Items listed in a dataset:
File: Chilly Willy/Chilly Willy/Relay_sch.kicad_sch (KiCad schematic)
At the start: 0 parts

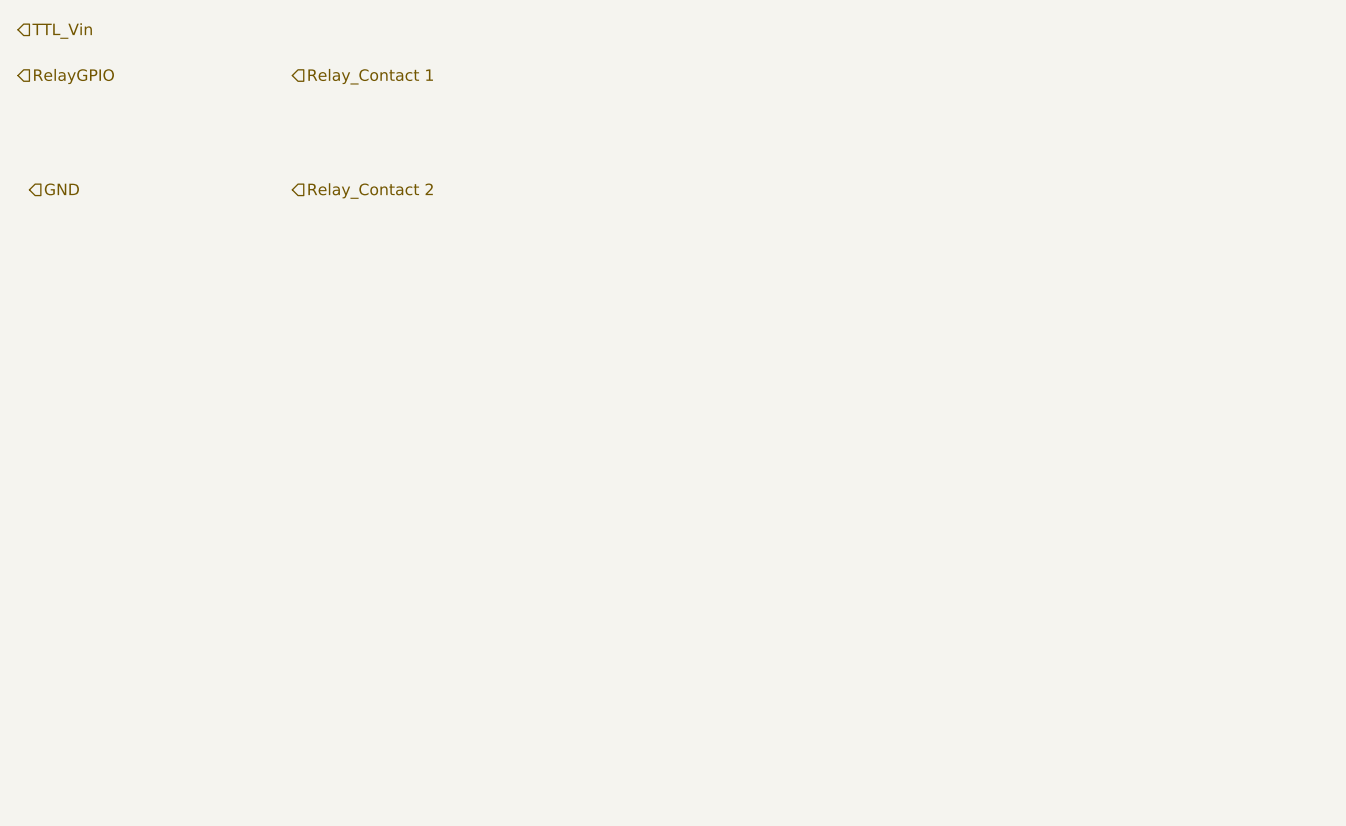
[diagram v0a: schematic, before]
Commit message: * adding in the Relays * GPIO via MCP23008
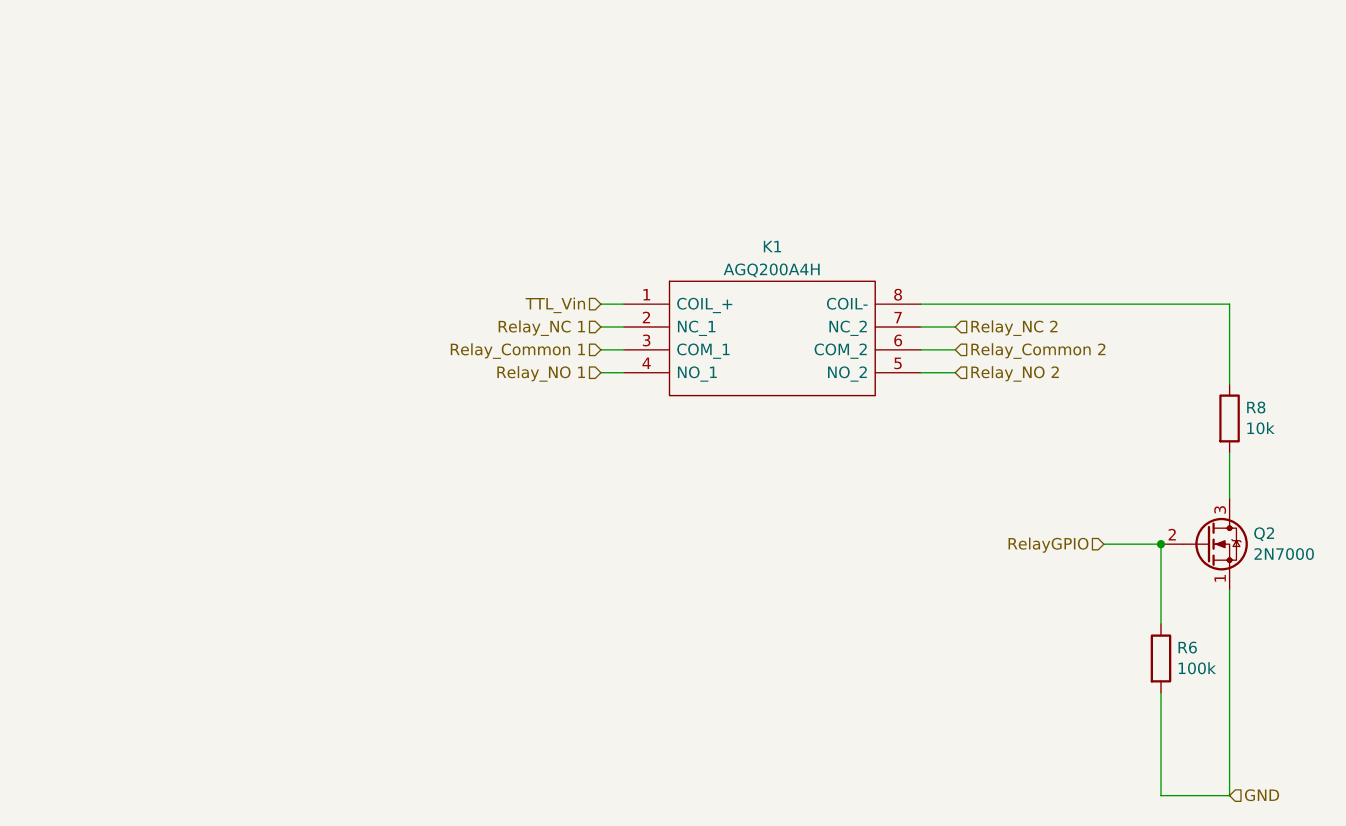
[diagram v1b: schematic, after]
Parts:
- added K1: AGQ200A4H, AGQ200A12, symbol SamacSys_Parts:AGQ200A4H
- added Q2: 2N7000, Package_TO_SOT_THT:TO-92_Inline, symbol Transistor_FET:2N7000
- added R6: 100k, Resistor_THT:R_Axial_DIN0207_L6.3mm_D2.5mm_P2.54mm_Vertical, symbol Device:R
- added R8: 10k, Resistor_THT:R_Axial_DIN0207_L6.3mm_D2.5mm_P2.54mm_Vertical, symbol Device:R
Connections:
- net GND: now also Q2.1 (S), R6.2
- net RelayGPIO: now also Q2.2 (G), R6.1
- net TTL_Vin: now also K1.1 (COIL_+)
- new net: K1.8 (COIL-), R8.1
- new net: Q2.3 (D), R8.2
- new net Relay_Common 1: K1.3 (COM_1)
- new net Relay_Common 2 : K1.6 (COM_2)
- new net Relay_NC 1: K1.2 (NC_1)
- new net Relay_NC 2: K1.7 (NC_2)
- new net Relay_NO 1: K1.4 (NO_1)
- new net Relay_NO 2: K1.5 (NO_2)

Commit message: ..
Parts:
- removed K1: AGQ200A4H, AGQ200A12, symbol SamacSys_Parts:AGQ200A4H
- added K2: G6L-1F-TRDC4.5, G6L1FTRDC45, symbol SamacSys_Parts:G6L-1F-TRDC4.5
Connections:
- net Relay_Common 1: now also K2.2 (COM)
- net Relay_NO 1: now also K2.4 (NO)
- net TTL_Vin: now also K2.8 (COIL_2)
- net at R8.1: now also K2.5 (COIL_1)

● **WHAT IS EXPECTED**:
The expected output is the lines above from the one containing "At the start: 0 parts" to the one containing "[diagram v1b: schematic, after]", both ends included, reproduced exactly with every picture left out.

● **PROBLEM SOLUTION**:
At the start: 0 parts

[diagram v0a: schematic, before]
Commit message: * adding in the Relays * GPIO via MCP23008
[diagram v1b: schematic, after]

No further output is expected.